→ Required action: Copy exactly the lines of the data below that run from the line holding "FILE_NAME('part.step','',(''),(''),'','','');" through the line holding "#7=PRODUCT_DEFINITION_CONTEXT('part definition',#1,'design');", both ends included.

..........

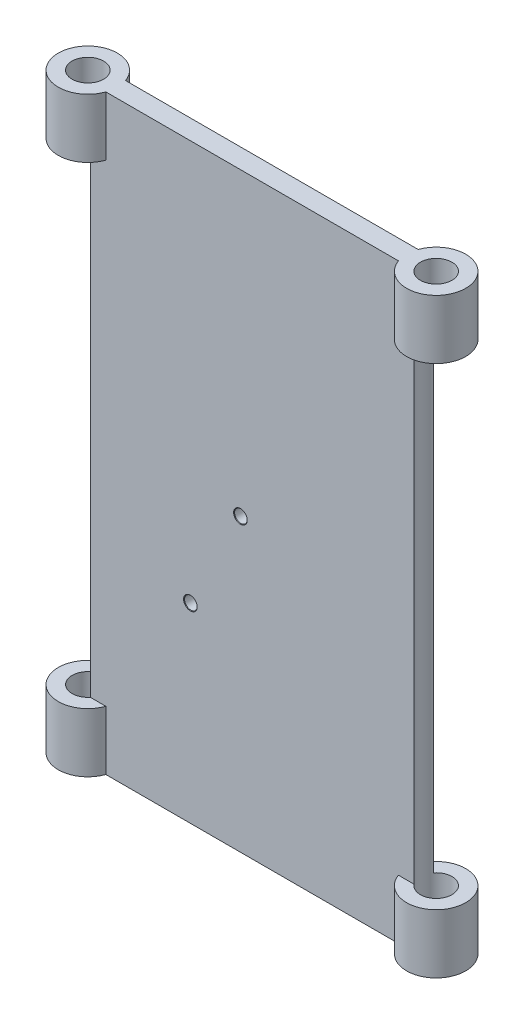
ISO-10303-21;
HEADER;
FILE_DESCRIPTION(('STEP AP214'),'2;1');
FILE_NAME('part.step','',(''),(''),'','','');
FILE_SCHEMA(('AUTOMOTIVE_DESIGN { 1 0 10303 214 1 1 1 1 }'));
ENDSEC;
DATA;
#1=APPLICATION_CONTEXT('core data for automotive mechanical design processes');
#2=APPLICATION_PROTOCOL_DEFINITION('international standard','automotive_design',2000,#1);
#3=PRODUCT_CONTEXT('',#1,'mechanical');
#4=PRODUCT('Part','Part','',(#3));
#5=PRODUCT_RELATED_PRODUCT_CATEGORY('part','',(#4));
#6=PRODUCT_DEFINITION_FORMATION('','',#4);
#7=PRODUCT_DEFINITION_CONTEXT('part definition',#1,'design');
#8=PRODUCT_DEFINITION('design','',#6,#7);
#9=PRODUCT_DEFINITION_SHAPE('','',#8);
#10=(LENGTH_UNIT() NAMED_UNIT(*) SI_UNIT(.MILLI.,.METRE.));
#11=(NAMED_UNIT(*) PLANE_ANGLE_UNIT() SI_UNIT($,.RADIAN.));
#12=(NAMED_UNIT(*) SI_UNIT($,.STERADIAN.) SOLID_ANGLE_UNIT());
#13=UNCERTAINTY_MEASURE_WITH_UNIT(LENGTH_MEASURE(1.E-05),#10,'distance_accuracy_value','');
#14=(GEOMETRIC_REPRESENTATION_CONTEXT(3) GLOBAL_UNCERTAINTY_ASSIGNED_CONTEXT((#13)) GLOBAL_UNIT_ASSIGNED_CONTEXT((#10,
#11,#12)) REPRESENTATION_CONTEXT('',''));
#15=CARTESIAN_POINT('',(0.,0.,0.));
#16=DIRECTION('',(0.,0.,1.));
#17=DIRECTION('',(1.,0.,0.));
#18=AXIS2_PLACEMENT_3D('',#15,#16,#17);
#19=CARTESIAN_POINT('',(0.,0.,5.));
#20=DIRECTION('',(0.,0.,-1.));
#21=DIRECTION('',(-1.,0.,0.));
#22=AXIS2_PLACEMENT_3D('',#19,#20,#21);
#23=PLANE('',#22);
#24=CARTESIAN_POINT('',(41.2224989991992,73.8,5.));
#25=DIRECTION('',(0.,0.,1.));
#26=DIRECTION('',(1.,0.,0.));
#27=AXIS2_PLACEMENT_3D('',#24,#25,#26);
#28=CIRCLE('',#27,1.725);
#29=CARTESIAN_POINT('',(42.9474989991992,73.8,5.));
#30=VERTEX_POINT('',#29);
#31=EDGE_CURVE('E346',#30,#30,#28,.T.);
#32=ORIENTED_EDGE('',*,*,#31,.F.);
#33=EDGE_LOOP('',(#32));
#34=FACE_BOUND('',#33,.T.);
#35=DIRECTION('',(1.,0.,0.));
#36=VECTOR('',#35,1.);
#37=CARTESIAN_POINT('',(0.,0.,5.));
#38=LINE('',#37,#36);
#39=CARTESIAN_POINT('',(7.07106781186548,0.,5.));
#40=VERTEX_POINT('',#39);
#41=CARTESIAN_POINT('',(81.3189321881345,0.,5.));
#42=VERTEX_POINT('',#41);
#43=EDGE_CURVE('E186',#40,#42,#38,.T.);
#44=ORIENTED_EDGE('',*,*,#43,.T.);
#45=DIRECTION('',(0.,-1.,0.));
#46=VECTOR('',#45,1.);
#47=CARTESIAN_POINT('',(81.3189321881345,15.,5.));
#48=LINE('',#47,#46);
#49=CARTESIAN_POINT('',(81.3189321881345,15.,5.));
#50=VERTEX_POINT('',#49);
#51=EDGE_CURVE('E234',#50,#42,#48,.T.);
#52=ORIENTED_EDGE('',*,*,#51,.F.);
#53=DIRECTION('',(1.,0.,0.));
#54=VECTOR('',#53,1.);
#55=CARTESIAN_POINT('',(81.3189321881345,15.,5.));
#56=LINE('',#55,#54);
#57=CARTESIAN_POINT('',(85.2675010008008,15.,5.));
#58=VERTEX_POINT('',#57);
#59=EDGE_CURVE('E228',#50,#58,#56,.T.);
#60=ORIENTED_EDGE('',*,*,#59,.T.);
#61=DIRECTION('',(0.,1.,0.));
#62=VECTOR('',#61,1.);
#63=CARTESIAN_POINT('',(85.2675010008008,150.,5.));
#64=LINE('',#63,#62);
#65=CARTESIAN_POINT('',(85.2675010008008,135.,5.));
#66=VERTEX_POINT('',#65);
#67=EDGE_CURVE('E137',#58,#66,#64,.T.);
#68=ORIENTED_EDGE('',*,*,#67,.T.);
#69=DIRECTION('',(1.,0.,0.));
#70=VECTOR('',#69,1.);
#71=CARTESIAN_POINT('',(0.,135.,5.));
#72=LINE('',#71,#70);
#73=CARTESIAN_POINT('',(81.3189321881345,135.,5.));
#74=VERTEX_POINT('',#73);
#75=EDGE_CURVE('E179',#74,#66,#72,.T.);
#76=ORIENTED_EDGE('',*,*,#75,.F.);
#77=DIRECTION('',(0.,1.,0.));
#78=VECTOR('',#77,1.);
#79=CARTESIAN_POINT('',(81.3189321881345,135.,5.));
#80=LINE('',#79,#78);
#81=CARTESIAN_POINT('',(81.3189321881345,150.,5.));
#82=VERTEX_POINT('',#81);
#83=EDGE_CURVE('E182',#74,#82,#80,.T.);
#84=ORIENTED_EDGE('',*,*,#83,.T.);
#85=DIRECTION('',(-1.,0.,0.));
#86=VECTOR('',#85,1.);
#87=CARTESIAN_POINT('',(0.,150.,5.));
#88=LINE('',#87,#86);
#89=CARTESIAN_POINT('',(7.07106781186548,150.,5.));
#90=VERTEX_POINT('',#89);
#91=EDGE_CURVE('E189',#82,#90,#88,.T.);
#92=ORIENTED_EDGE('',*,*,#91,.T.);
#93=DIRECTION('',(0.,1.,0.));
#94=VECTOR('',#93,1.);
#95=CARTESIAN_POINT('',(7.07106781186548,135.,5.));
#96=LINE('',#95,#94);
#97=CARTESIAN_POINT('',(7.07106781186548,135.,5.));
#98=VERTEX_POINT('',#97);
#99=EDGE_CURVE('E176',#90,#98,#96,.F.);
#100=ORIENTED_EDGE('',*,*,#99,.T.);
#101=DIRECTION('',(1.,0.,0.));
#102=VECTOR('',#101,1.);
#103=CARTESIAN_POINT('',(0.,135.,5.));
#104=LINE('',#103,#102);
#105=CARTESIAN_POINT('',(3.12249899919921,135.,5.));
#106=VERTEX_POINT('',#105);
#107=EDGE_CURVE('E168',#106,#98,#104,.T.);
#108=ORIENTED_EDGE('',*,*,#107,.F.);
#109=DIRECTION('',(0.,1.,0.));
#110=VECTOR('',#109,1.);
#111=CARTESIAN_POINT('',(3.12249899919921,150.,5.));
#112=LINE('',#111,#110);
#113=CARTESIAN_POINT('',(3.12249899919921,15.,5.));
#114=VERTEX_POINT('',#113);
#115=EDGE_CURVE('E161',#106,#114,#112,.F.);
#116=ORIENTED_EDGE('',*,*,#115,.T.);
#117=DIRECTION('',(1.,0.,0.));
#118=VECTOR('',#117,1.);
#119=CARTESIAN_POINT('',(3.1224989991992,15.,4.99999999999999));
#120=LINE('',#119,#118);
#121=CARTESIAN_POINT('',(7.07106781186548,15.,5.));
#122=VERTEX_POINT('',#121);
#123=EDGE_CURVE('E245',#114,#122,#120,.T.);
#124=ORIENTED_EDGE('',*,*,#123,.T.);
#125=DIRECTION('',(0.,-1.,0.));
#126=VECTOR('',#125,1.);
#127=CARTESIAN_POINT('',(7.07106781186548,15.,5.));
#128=LINE('',#127,#126);
#129=EDGE_CURVE('E238',#122,#40,#128,.T.);
#130=ORIENTED_EDGE('',*,*,#129,.T.);
#131=EDGE_LOOP('',(#44,#52,#60,#68,#76,#84,#92,#100,#108,#116,#124,#130));
#132=FACE_BOUND('',#131,.T.);
#133=CARTESIAN_POINT('',(28.5224989991992,48.4,5.));
#134=DIRECTION('',(0.,0.,1.));
#135=DIRECTION('',(1.,0.,0.));
#136=AXIS2_PLACEMENT_3D('',#133,#134,#135);
#137=CIRCLE('',#136,1.725);
#138=CARTESIAN_POINT('',(30.2474989991992,48.4,5.));
#139=VERTEX_POINT('',#138);
#140=EDGE_CURVE('E216',#139,#139,#137,.T.);
#141=ORIENTED_EDGE('',*,*,#140,.F.);
#142=EDGE_LOOP('',(#141));
#143=FACE_BOUND('',#142,.T.);
#144=ADVANCED_FACE('F39',(#34,#132,#143),#23,.F.);
#145=CARTESIAN_POINT('',(88.39,150.,2.5));
#146=DIRECTION('',(0.,1.,0.));
#147=DIRECTION('',(0.,0.,1.));
#148=AXIS2_PLACEMENT_3D('',#145,#146,#147);
#149=CYLINDRICAL_SURFACE('',#148,4.);
#150=CARTESIAN_POINT('',(88.39,150.,2.5));
#151=DIRECTION('',(0.,1.,0.));
#152=DIRECTION('',(0.,0.,1.));
#153=AXIS2_PLACEMENT_3D('',#150,#151,#152);
#154=CIRCLE('',#153,4.00000000000002);
#155=CARTESIAN_POINT('',(88.39,150.,6.50000000000002));
#156=VERTEX_POINT('',#155);
#157=EDGE_CURVE('E156',#156,#156,#154,.T.);
#158=ORIENTED_EDGE('',*,*,#157,.T.);
#159=EDGE_LOOP('',(#158));
#160=FACE_BOUND('',#159,.T.);
#161=ORIENTED_EDGE('',*,*,#67,.F.);
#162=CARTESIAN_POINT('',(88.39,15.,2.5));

..........

→ Task output:
FILE_NAME('part.step','',(''),(''),'','','');
FILE_SCHEMA(('AUTOMOTIVE_DESIGN { 1 0 10303 214 1 1 1 1 }'));
ENDSEC;
DATA;
#1=APPLICATION_CONTEXT('core data for automotive mechanical design processes');
#2=APPLICATION_PROTOCOL_DEFINITION('international standard','automotive_design',2000,#1);
#3=PRODUCT_CONTEXT('',#1,'mechanical');
#4=PRODUCT('Part','Part','',(#3));
#5=PRODUCT_RELATED_PRODUCT_CATEGORY('part','',(#4));
#6=PRODUCT_DEFINITION_FORMATION('','',#4);
#7=PRODUCT_DEFINITION_CONTEXT('part definition',#1,'design');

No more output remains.